Kilovoltage is defined as a measure of the maximum electrical potential across an x-ray tube, expressed in kilovolts. Kilovoltage controls the penetrability of the x-ray beam. Kilovoltage affects tube current. As kVp increases, electron kinetic energy is increased and electrons accelerate across the x-ray tube. Using higher kVp allows you to use less mAs, which decreases tube load and therefore decreases tube heat.
The x-ray beam is heterogeneous which means that it is made of several different wavelengths. Higher kVp has a shorter wavelength and a higher frequency. The half value layer (HVL) also increases with an increase in kVp.
Contrast and density are affected by kVp. Contrast decreases with increased kVp due to an increase in x-ray energy, penetration, and scatter radiation. A low kVp technique results in a high contrast, short gray scale image while a high kVp results in a low contrast, long gray scale image. On the other hand, density increases with increased kVp due to an increase in x-ray energy, penetration, and scatter radiation. As more photons reach the film, image density is increased.
Occasionally after a radiographic exposure, an adjustment (±) must be made to the previously used technical factors. At higher kilovoltage a difference of one kVp will make little if any difference radiographically; however, at lower kilovoltage, an error of a few kVp can make a very noticeable difference radiographically. A high kVp technique results in wide latitude whereas a low kVp technique results in narrow latitude.
A fifteen percent change in the kVp setting will double or half the density, just like doubling or halving the mass; however, contrast will also be affected. The table below can be used to compare changes in kVp to changes to mAs regarding image density.

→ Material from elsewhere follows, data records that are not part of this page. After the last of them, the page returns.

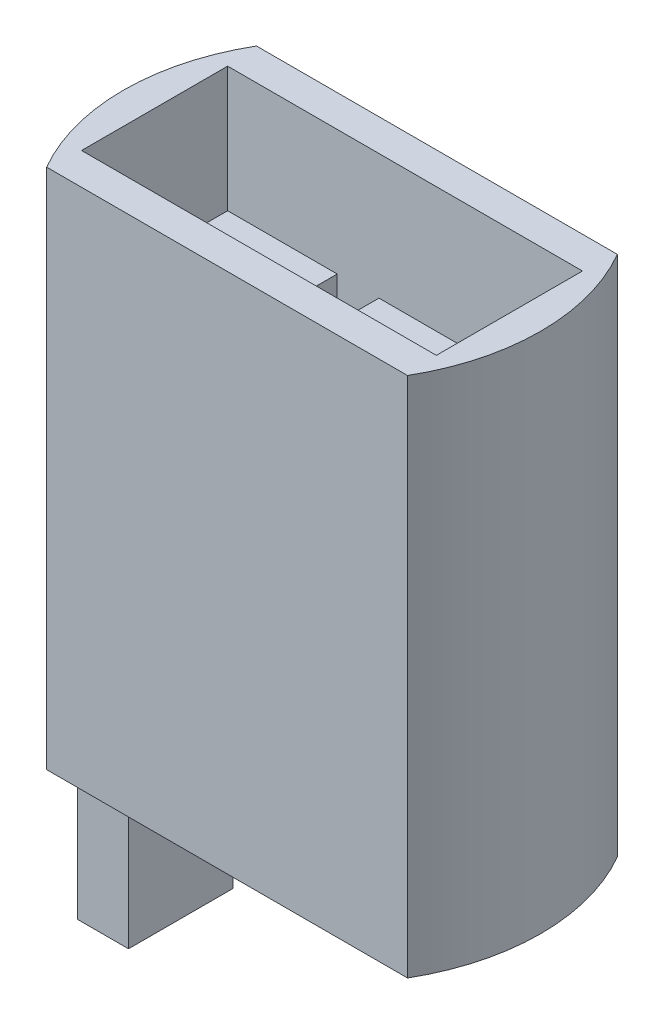
ISO-10303-21;
HEADER;
FILE_DESCRIPTION(('STEP AP214'),'2;1');
FILE_NAME('part.step','',(''),(''),'','','');
FILE_SCHEMA(('AUTOMOTIVE_DESIGN { 1 0 10303 214 1 1 1 1 }'));
ENDSEC;
DATA;
#1=APPLICATION_CONTEXT('core data for automotive mechanical design processes');
#2=APPLICATION_PROTOCOL_DEFINITION('international standard','automotive_design',2000,#1);
#3=PRODUCT_CONTEXT('',#1,'mechanical');
#4=PRODUCT('Part','Part','',(#3));
#5=PRODUCT_RELATED_PRODUCT_CATEGORY('part','',(#4));
#6=PRODUCT_DEFINITION_FORMATION('','',#4);
#7=PRODUCT_DEFINITION_CONTEXT('part definition',#1,'design');
#8=PRODUCT_DEFINITION('design','',#6,#7);
#9=PRODUCT_DEFINITION_SHAPE('','',#8);
#10=(LENGTH_UNIT() NAMED_UNIT(*) SI_UNIT(.MILLI.,.METRE.));
#11=(NAMED_UNIT(*) PLANE_ANGLE_UNIT() SI_UNIT($,.RADIAN.));
#12=(NAMED_UNIT(*) SI_UNIT($,.STERADIAN.) SOLID_ANGLE_UNIT());
#13=UNCERTAINTY_MEASURE_WITH_UNIT(LENGTH_MEASURE(1.E-05),#10,'distance_accuracy_value','');
#14=(GEOMETRIC_REPRESENTATION_CONTEXT(3) GLOBAL_UNCERTAINTY_ASSIGNED_CONTEXT((#13)) GLOBAL_UNIT_ASSIGNED_CONTEXT((#10,
#11,#12)) REPRESENTATION_CONTEXT('',''));
#15=CARTESIAN_POINT('',(0.,0.,0.));
#16=DIRECTION('',(0.,0.,1.));
#17=DIRECTION('',(1.,0.,0.));
#18=AXIS2_PLACEMENT_3D('',#15,#16,#17);
#19=CARTESIAN_POINT('',(-8.5,-8.,-2.5));
#20=DIRECTION('',(1.,0.,0.));
#21=DIRECTION('',(0.,0.,-1.));
#22=AXIS2_PLACEMENT_3D('',#19,#20,#21);
#23=PLANE('',#22);
#24=DIRECTION('',(0.,-1.,0.));
#25=VECTOR('',#24,1.);
#26=CARTESIAN_POINT('',(-8.5,-8.,1.5));
#27=LINE('',#26,#25);
#28=CARTESIAN_POINT('',(-8.5,-0.75,1.5));
#29=VERTEX_POINT('',#28);
#30=CARTESIAN_POINT('',(-8.5,-8.,1.5));
#31=VERTEX_POINT('',#30);
#32=EDGE_CURVE('E62',#29,#31,#27,.T.);
#33=ORIENTED_EDGE('',*,*,#32,.F.);
#34=DIRECTION('',(0.,0.,1.));
#35=VECTOR('',#34,1.);
#36=CARTESIAN_POINT('',(-8.5,-0.75,1.5));
#37=LINE('',#36,#35);
#38=CARTESIAN_POINT('',(-8.5,-0.75,-1.5));
#39=VERTEX_POINT('',#38);
#40=EDGE_CURVE('E175',#39,#29,#37,.T.);
#41=ORIENTED_EDGE('',*,*,#40,.F.);
#42=DIRECTION('',(0.,1.,0.));
#43=VECTOR('',#42,1.);
#44=CARTESIAN_POINT('',(-8.5,-0.75,-1.5));
#45=LINE('',#44,#43);
#46=CARTESIAN_POINT('',(-8.5,-8.,-1.5));
#47=VERTEX_POINT('',#46);
#48=EDGE_CURVE('E67',#47,#39,#45,.T.);
#49=ORIENTED_EDGE('',*,*,#48,.F.);
#50=DIRECTION('',(0.,0.,-1.));
#51=VECTOR('',#50,1.);
#52=CARTESIAN_POINT('',(-8.5,-8.,-2.5));
#53=LINE('',#52,#51);
#54=EDGE_CURVE('E133',#31,#47,#53,.T.);
#55=ORIENTED_EDGE('',*,*,#54,.F.);
#56=EDGE_LOOP('',(#33,#41,#49,#55));
#57=FACE_BOUND('',#56,.T.);
#58=ADVANCED_FACE('F48',(#57),#23,.F.);
#59=CARTESIAN_POINT('',(-8.5,-8.,-2.5));
#60=DIRECTION('',(0.,0.,1.));
#61=DIRECTION('',(1.,0.,0.));
#62=AXIS2_PLACEMENT_3D('',#59,#60,#61);
#63=PLANE('',#62);
#64=DIRECTION('',(1.,0.,0.));
#65=VECTOR('',#64,1.);
#66=CARTESIAN_POINT('',(-8.5,0.,-2.5));
#67=LINE('',#66,#65);
#68=CARTESIAN_POINT('',(-9.7,0.,-2.5));
#69=VERTEX_POINT('',#68);
#70=CARTESIAN_POINT('',(-7.25,0.,-2.5));
#71=VERTEX_POINT('',#70);
#72=EDGE_CURVE('E134',#69,#71,#67,.T.);
#73=ORIENTED_EDGE('',*,*,#72,.T.);
#74=DIRECTION('',(0.,1.,0.));
#75=VECTOR('',#74,1.);
#76=CARTESIAN_POINT('',(-7.25,-8.,-2.5));
#77=LINE('',#76,#75);
#78=CARTESIAN_POINT('',(-7.25,-8.,-2.5));
#79=VERTEX_POINT('',#78);
#80=EDGE_CURVE('E12',#79,#71,#77,.T.);
#81=ORIENTED_EDGE('',*,*,#80,.F.);
#82=DIRECTION('',(1.,0.,0.));
#83=VECTOR('',#82,1.);
#84=CARTESIAN_POINT('',(-8.5,-8.,-2.5));
#85=LINE('',#84,#83);
#86=CARTESIAN_POINT('',(-9.7,-8.,-2.5));
#87=VERTEX_POINT('',#86);
#88=EDGE_CURVE('E143',#87,#79,#85,.T.);
#89=ORIENTED_EDGE('',*,*,#88,.F.);
#90=DIRECTION('',(0.,-1.,0.));
#91=VECTOR('',#90,1.);
#92=CARTESIAN_POINT('',(-9.7,-8.,-2.5));
#93=LINE('',#92,#91);
#94=EDGE_CURVE('E128',#69,#87,#93,.T.);
#95=ORIENTED_EDGE('',*,*,#94,.F.);
#96=EDGE_LOOP('',(#73,#81,#89,#95));
#97=FACE_BOUND('',#96,.T.);
#98=ADVANCED_FACE('F188',(#97),#63,.F.);
#99=CARTESIAN_POINT('',(-7.25,-8.,-2.5));
#100=DIRECTION('',(-1.,0.,0.));
#101=DIRECTION('',(0.,0.,1.));
#102=AXIS2_PLACEMENT_3D('',#99,#100,#101);
#103=PLANE('',#102);
#104=DIRECTION('',(0.,0.,1.));
#105=VECTOR('',#104,1.);
#106=CARTESIAN_POINT('',(-7.25,0.,-2.5));
#107=LINE('',#106,#105);
#108=CARTESIAN_POINT('',(-7.25,0.,2.5));
#109=VERTEX_POINT('',#108);
#110=EDGE_CURVE('E136',#71,#109,#107,.T.);
#111=ORIENTED_EDGE('',*,*,#110,.T.);
#112=DIRECTION('',(0.,1.,0.));
#113=VECTOR('',#112,1.);
#114=CARTESIAN_POINT('',(-7.25,-8.,2.5));
#115=LINE('',#114,#113);
#116=CARTESIAN_POINT('',(-7.25,-8.,2.5));
#117=VERTEX_POINT('',#116);
#118=EDGE_CURVE('E55',#117,#109,#115,.T.);
#119=ORIENTED_EDGE('',*,*,#118,.F.);
#120=DIRECTION('',(0.,0.,1.));
#121=VECTOR('',#120,1.);
#122=CARTESIAN_POINT('',(-7.25,-8.,-2.5));
#123=LINE('',#122,#121);
#124=EDGE_CURVE('E146',#79,#117,#123,.T.);
#125=ORIENTED_EDGE('',*,*,#124,.F.);
#126=ORIENTED_EDGE('',*,*,#80,.T.);
#127=EDGE_LOOP('',(#111,#119,#125,#126));
#128=FACE_BOUND('',#127,.T.);
#129=ADVANCED_FACE('F192',(#128),#103,.F.);
#130=CARTESIAN_POINT('',(-8.5,-8.,2.5));
#131=DIRECTION('',(0.,0.,-1.));
#132=DIRECTION('',(-1.,0.,0.));
#133=AXIS2_PLACEMENT_3D('',#130,#131,#132);
#134=PLANE('',#133);
#135=DIRECTION('',(-1.,0.,0.));
#136=VECTOR('',#135,1.);
#137=CARTESIAN_POINT('',(-8.5,0.,2.5));
#138=LINE('',#137,#136);
#139=CARTESIAN_POINT('',(-9.7,0.,2.5));
#140=VERTEX_POINT('',#139);
#141=EDGE_CURVE('E144',#109,#140,#138,.T.);
#142=ORIENTED_EDGE('',*,*,#141,.T.);
#143=DIRECTION('',(0.,1.,0.));
#144=VECTOR('',#143,1.);
#145=CARTESIAN_POINT('',(-9.7,0.,2.5));
#146=LINE('',#145,#144);
#147=CARTESIAN_POINT('',(-9.7,-8.,2.5));
#148=VERTEX_POINT('',#147);
#149=EDGE_CURVE('E166',#148,#140,#146,.T.);
#150=ORIENTED_EDGE('',*,*,#149,.F.);
#151=DIRECTION('',(-1.,0.,0.));
#152=VECTOR('',#151,1.);
#153=CARTESIAN_POINT('',(-8.5,-8.,2.5));
#154=LINE('',#153,#152);
#155=EDGE_CURVE('E148',#117,#148,#154,.T.);
#156=ORIENTED_EDGE('',*,*,#155,.F.);
#157=ORIENTED_EDGE('',*,*,#118,.T.);
#158=EDGE_LOOP('',(#142,#150,#156,#157));
#159=FACE_BOUND('',#158,.T.);
#160=ADVANCED_FACE('F156',(#159),#134,.F.);
#161=CARTESIAN_POINT('',(0.,-8.,0.));
#162=DIRECTION('',(0.,1.,0.));
#163=DIRECTION('',(0.,0.,1.));
#164=AXIS2_PLACEMENT_3D('',#161,#162,#163);
#165=PLANE('',#164);
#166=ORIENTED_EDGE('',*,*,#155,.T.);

As an x-ray photon passes through a patient, it will undergo total absorption, total penetration, or partial absorption. Total absorption occurs with low kVp techniques. Total absorption (photoelectric absorption) is caused by x-ray photons interacting with inner shell electrons of dense body tissues. An increase in mAs is required to achieve proper density. Total penetration occurs with high kVp techniques. In this instance, photons pass through tissue without interacting. A decrease in mAs is required to achieve proper density. Partial absorption is caused by x-ray photons interacting with outer shell electrons resulting in scattered radiation.